SYDE and BME students named recipient and finalists of the Pearl Sullivan Emerging Global Leaders Award

Tuesday, April 21, 2026

2026 Pearl Sullivan Emerging Global Leaders Award Recipient 

Jarett Dewbury

Jarett Dewbury, BASc '26, biomedical engineering

Jarett Dewbury, the 2026 recipient of the Pearl Sullivan Emerging Global Leaders Award, has built an exceptional record of leadership, research and community building in engineering and AI. As a Biomedical Engineering student with a specialization in Medical Artificial Intelligence, he has spent his undergraduate years working to make advanced AI accessible, both in healthcare and within the student community at Waterloo.

As co-founder of WAT.ai, the University of Waterloo's AI Engineering Design Team, Jarett helped grow a community of more than 800 members, launching more than 40 collaborative projects and 10 publications. His research has taken him to MIT, Harvard Medical School and Massachusetts General Hospital, where he has worked on AI diagnostics for resource-limited clinical settings. This work earned him a first-author publication at ICLR and the 2025 Faculty of Engineering Co-op Student of the Year Award.

Jarett plans to pursue a PhD and ultimately found a company focused on AI diagnostics for underserved health systems globally. He also intends to establish an international research scholarship supporting Waterloo undergraduates who present work at conferences abroad, removing the financial barriers he himself has navigated throughout his career.

2026 Pearl Sullivan Emerging Global Leaders Award Finalists

Nevedhaa Ayyappan

Nevedhaa Ayyappan, BASc '26, systems design engineering

Nevedhaa Ayyappan is a Systems Design Engineering student whose work sits at the intersection of community building, product design, and innovation policy. She has been a longtime host at Socratica, an open collective of artists, engineers and builders, and has helped transform Waterloo's campus culture into one defined by making. Socratica brings together people working on passion projects through weekly coworking sessions, where participants share unfinished work, find collaborators, and grow into confident makers. This year, Nevedhaa co-chaired Socratica's flagship Symposium, a celebration of making that drew over 2,500 attendees from more than 100 cities worldwide. The organization now has active nodes in over 40 cities globally and has partnered with organizations like Anthropic and Shopify to bridge grassroots maker communities with institutional support.

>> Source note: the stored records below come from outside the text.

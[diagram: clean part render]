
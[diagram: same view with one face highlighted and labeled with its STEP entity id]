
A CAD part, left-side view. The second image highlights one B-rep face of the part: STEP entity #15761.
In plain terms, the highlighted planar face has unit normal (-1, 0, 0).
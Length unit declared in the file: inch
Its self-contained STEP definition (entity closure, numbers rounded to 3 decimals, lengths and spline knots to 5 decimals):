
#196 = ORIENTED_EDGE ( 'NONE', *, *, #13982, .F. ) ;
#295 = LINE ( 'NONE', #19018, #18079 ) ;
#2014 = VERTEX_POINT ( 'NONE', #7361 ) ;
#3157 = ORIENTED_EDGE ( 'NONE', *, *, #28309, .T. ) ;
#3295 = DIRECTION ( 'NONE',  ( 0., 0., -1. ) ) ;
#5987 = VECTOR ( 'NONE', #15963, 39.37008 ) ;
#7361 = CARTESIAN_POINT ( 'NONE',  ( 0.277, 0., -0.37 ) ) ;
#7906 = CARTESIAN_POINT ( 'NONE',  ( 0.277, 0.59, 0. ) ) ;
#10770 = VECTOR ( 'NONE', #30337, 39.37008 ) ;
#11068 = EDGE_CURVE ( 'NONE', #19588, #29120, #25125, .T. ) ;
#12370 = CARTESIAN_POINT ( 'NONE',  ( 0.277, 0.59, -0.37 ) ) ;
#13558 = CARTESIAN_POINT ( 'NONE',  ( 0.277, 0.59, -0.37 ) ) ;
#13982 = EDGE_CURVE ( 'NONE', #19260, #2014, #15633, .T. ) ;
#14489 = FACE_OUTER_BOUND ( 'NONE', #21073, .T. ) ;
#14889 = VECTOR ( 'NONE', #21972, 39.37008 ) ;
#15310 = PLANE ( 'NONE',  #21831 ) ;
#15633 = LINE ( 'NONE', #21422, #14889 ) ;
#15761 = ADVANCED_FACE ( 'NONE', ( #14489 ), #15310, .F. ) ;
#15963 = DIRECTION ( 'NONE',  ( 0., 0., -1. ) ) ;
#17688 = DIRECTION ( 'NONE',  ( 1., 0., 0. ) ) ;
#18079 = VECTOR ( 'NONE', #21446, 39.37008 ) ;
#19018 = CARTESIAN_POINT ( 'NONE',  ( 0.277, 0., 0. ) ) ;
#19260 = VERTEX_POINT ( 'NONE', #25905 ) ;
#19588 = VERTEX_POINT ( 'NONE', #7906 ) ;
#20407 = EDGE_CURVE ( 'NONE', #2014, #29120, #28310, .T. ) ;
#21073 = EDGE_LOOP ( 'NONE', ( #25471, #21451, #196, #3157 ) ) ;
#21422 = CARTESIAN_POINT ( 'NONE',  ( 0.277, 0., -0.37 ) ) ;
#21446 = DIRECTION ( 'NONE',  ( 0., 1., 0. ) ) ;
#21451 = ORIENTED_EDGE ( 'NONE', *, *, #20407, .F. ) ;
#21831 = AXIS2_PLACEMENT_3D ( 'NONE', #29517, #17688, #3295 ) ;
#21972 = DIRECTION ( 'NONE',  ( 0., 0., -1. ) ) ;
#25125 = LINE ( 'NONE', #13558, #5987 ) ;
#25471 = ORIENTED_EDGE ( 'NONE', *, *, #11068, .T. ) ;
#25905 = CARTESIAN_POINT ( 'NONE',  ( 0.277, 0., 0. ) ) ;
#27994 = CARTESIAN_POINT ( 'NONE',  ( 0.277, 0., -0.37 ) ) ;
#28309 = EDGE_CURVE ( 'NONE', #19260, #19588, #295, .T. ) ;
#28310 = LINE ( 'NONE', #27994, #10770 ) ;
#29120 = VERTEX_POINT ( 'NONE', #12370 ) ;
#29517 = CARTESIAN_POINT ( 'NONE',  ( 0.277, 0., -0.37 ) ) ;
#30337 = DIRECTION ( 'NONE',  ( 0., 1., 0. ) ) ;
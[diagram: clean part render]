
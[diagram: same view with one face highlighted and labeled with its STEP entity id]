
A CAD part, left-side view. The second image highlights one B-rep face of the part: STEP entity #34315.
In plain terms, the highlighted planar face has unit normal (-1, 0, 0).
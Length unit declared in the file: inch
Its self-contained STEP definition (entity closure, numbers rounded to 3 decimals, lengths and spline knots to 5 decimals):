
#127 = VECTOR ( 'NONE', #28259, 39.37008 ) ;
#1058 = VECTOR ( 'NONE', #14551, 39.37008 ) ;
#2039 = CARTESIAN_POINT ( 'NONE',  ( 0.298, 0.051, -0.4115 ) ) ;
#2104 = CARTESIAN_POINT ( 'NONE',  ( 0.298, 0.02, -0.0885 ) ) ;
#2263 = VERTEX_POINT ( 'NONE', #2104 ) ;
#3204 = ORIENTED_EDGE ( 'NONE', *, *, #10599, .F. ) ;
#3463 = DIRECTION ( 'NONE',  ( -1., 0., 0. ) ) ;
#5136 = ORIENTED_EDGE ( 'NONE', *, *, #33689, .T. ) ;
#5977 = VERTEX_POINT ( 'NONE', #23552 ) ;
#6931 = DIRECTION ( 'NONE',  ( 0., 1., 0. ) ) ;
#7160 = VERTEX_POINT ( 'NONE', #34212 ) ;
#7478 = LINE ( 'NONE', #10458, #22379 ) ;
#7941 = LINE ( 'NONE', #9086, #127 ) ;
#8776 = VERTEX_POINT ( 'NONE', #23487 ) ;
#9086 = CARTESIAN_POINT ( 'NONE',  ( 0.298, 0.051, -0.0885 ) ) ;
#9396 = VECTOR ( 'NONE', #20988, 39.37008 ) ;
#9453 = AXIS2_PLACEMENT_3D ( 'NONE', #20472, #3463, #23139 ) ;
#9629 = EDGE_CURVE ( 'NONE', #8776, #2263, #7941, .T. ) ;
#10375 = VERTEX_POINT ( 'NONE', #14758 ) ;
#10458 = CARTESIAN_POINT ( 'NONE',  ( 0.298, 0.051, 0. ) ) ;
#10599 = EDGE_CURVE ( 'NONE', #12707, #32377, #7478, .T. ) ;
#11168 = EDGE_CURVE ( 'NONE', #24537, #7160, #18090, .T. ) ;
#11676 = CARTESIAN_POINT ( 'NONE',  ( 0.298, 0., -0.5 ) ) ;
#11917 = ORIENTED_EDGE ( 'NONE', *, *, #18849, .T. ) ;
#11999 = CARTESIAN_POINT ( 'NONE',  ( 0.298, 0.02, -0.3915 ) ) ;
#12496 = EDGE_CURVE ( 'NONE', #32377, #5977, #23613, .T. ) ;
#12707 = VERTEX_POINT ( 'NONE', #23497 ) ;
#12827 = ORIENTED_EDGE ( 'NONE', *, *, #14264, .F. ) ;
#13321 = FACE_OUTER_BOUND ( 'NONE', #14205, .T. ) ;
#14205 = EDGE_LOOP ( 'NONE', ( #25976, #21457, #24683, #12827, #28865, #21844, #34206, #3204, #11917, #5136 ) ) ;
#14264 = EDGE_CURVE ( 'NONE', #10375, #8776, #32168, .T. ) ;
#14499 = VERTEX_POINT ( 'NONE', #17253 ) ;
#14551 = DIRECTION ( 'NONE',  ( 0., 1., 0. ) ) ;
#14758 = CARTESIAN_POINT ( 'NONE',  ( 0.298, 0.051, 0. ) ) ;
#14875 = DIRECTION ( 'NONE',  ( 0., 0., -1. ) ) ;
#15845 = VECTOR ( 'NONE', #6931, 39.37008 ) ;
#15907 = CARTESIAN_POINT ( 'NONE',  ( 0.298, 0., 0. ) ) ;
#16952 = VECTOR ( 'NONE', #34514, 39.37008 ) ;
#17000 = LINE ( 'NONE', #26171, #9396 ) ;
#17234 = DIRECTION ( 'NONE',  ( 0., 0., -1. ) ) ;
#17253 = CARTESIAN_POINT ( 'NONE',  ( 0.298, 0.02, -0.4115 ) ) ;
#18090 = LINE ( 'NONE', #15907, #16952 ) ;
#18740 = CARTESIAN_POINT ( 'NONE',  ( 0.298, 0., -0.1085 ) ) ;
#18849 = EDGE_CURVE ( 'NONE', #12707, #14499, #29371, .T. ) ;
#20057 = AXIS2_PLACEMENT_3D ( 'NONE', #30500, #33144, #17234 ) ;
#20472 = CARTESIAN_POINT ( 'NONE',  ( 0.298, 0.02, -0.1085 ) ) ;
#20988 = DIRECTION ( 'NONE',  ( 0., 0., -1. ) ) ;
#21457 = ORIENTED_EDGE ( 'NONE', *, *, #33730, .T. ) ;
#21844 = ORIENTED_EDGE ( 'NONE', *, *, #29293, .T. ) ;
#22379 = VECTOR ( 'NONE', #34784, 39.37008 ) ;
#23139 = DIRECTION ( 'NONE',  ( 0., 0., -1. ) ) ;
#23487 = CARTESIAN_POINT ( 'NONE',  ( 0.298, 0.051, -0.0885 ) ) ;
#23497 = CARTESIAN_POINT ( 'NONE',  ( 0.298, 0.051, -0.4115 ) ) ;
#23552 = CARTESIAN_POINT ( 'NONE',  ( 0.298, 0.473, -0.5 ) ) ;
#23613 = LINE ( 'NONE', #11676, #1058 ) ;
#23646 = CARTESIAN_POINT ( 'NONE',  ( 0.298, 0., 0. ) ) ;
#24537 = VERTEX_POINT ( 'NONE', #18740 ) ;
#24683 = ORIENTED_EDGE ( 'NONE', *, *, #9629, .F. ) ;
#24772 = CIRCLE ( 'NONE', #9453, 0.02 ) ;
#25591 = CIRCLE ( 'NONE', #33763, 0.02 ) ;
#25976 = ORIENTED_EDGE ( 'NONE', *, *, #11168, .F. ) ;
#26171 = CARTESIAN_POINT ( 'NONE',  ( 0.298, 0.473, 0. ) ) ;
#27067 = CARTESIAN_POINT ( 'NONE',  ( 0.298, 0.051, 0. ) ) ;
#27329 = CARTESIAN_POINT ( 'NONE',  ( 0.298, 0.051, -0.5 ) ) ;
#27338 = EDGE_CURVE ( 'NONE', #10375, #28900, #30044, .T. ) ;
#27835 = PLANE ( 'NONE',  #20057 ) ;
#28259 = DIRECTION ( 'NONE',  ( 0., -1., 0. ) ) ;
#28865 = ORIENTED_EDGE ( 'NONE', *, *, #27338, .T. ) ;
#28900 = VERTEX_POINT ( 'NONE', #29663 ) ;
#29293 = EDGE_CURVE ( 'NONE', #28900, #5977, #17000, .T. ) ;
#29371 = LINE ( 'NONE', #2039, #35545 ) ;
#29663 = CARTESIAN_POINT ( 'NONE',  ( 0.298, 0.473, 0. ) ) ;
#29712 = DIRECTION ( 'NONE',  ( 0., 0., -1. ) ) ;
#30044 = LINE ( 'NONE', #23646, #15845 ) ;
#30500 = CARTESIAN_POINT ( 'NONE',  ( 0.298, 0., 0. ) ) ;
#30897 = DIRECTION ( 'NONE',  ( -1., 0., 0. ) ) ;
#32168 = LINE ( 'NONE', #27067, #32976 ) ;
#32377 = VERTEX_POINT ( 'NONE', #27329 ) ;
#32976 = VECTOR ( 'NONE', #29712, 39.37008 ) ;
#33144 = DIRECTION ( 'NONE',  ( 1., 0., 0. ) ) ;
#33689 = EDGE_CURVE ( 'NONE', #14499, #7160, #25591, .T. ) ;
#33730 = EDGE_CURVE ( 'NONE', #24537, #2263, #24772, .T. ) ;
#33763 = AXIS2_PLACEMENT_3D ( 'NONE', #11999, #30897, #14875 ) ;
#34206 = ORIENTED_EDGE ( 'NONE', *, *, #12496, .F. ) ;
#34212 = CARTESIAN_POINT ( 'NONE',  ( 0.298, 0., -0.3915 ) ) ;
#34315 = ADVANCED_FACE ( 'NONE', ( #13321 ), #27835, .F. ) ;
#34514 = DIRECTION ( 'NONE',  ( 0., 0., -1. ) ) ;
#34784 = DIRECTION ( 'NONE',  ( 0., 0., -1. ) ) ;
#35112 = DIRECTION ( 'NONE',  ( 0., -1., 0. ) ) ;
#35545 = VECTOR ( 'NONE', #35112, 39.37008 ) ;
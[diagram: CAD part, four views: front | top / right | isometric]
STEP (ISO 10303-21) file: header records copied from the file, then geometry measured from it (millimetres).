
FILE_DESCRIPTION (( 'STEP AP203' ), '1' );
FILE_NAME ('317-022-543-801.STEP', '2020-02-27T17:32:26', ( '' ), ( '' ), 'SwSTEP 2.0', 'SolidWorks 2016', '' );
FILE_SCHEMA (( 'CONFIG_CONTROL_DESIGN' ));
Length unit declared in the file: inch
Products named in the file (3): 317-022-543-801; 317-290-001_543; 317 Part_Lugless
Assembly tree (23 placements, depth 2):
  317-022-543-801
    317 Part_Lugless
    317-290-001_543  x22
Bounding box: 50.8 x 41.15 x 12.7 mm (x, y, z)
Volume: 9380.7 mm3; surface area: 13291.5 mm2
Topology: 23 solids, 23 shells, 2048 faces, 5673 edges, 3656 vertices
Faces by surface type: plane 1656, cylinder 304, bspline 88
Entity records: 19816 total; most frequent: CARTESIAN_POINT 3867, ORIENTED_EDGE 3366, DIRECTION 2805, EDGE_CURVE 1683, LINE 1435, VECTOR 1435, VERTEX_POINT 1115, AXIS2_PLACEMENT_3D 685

Through her experience working with grassroots communities, global data policy orgs and rapidly-scaling startups, Nevedhaa developed a deep conviction that Canada's innovation challenges are about coordination and infrastructure, not talent. She has seen firsthand, through years of building Socratica and watching graduates leave the country, that the systems meant to support builders in Canada do not connect.

After graduating, Nevedhaa plans to continue working at the intersection of product, policy, and people, researching how Canada can build the connective infrastructure its innovation ecosystem lacks. Her longer-term goal is to establish a science and technology policy institution that ensures that the world's most capable builders can create at the highest level.

Binalpreet Kalra

Binalpreet Kalra, BASc '26, biomedical engineering

Binalpreet Kalra is a Biomedical Engineering student whose path through Waterloo has been shaped by a conviction that people do their best work when they feel empowered to create. After building a strong foundation in software and hardware through roles at UW Blueprint, Hack the North and the Living Architecture Systems Group, she turned that belief into action by co-founding PRISM Collective, Waterloo's first student-run creative-tech design team. PRISM was built on the recognition that many engineering students are also artists and storytellers, but lack spaces to bring those identities together.

In under a year, PRISM grew to more than 600 community members working on more than ten interdisciplinary projects, with workshops across Waterloo, Toronto and Montreal. The collective secured $15,000 in funding for Rhythms of Chaos, a large-scale installation selected for the Lumière festival at Ontario Place's Trillium Park. Binalpreet also contributed to Nucleate Dojo's DojoGrants program, helping it grow from a $25,000 pilot to more than $150,000 in undergraduate research funding.

After graduating, Binalpreet plans to move to Toronto to continue growing PRISM and pursue formal training in art and design. Her longer-term goal is to open her own studio, developing open-source creative-tech tools and building spaces where engineering is imaginative, interdisciplinary and deeply human.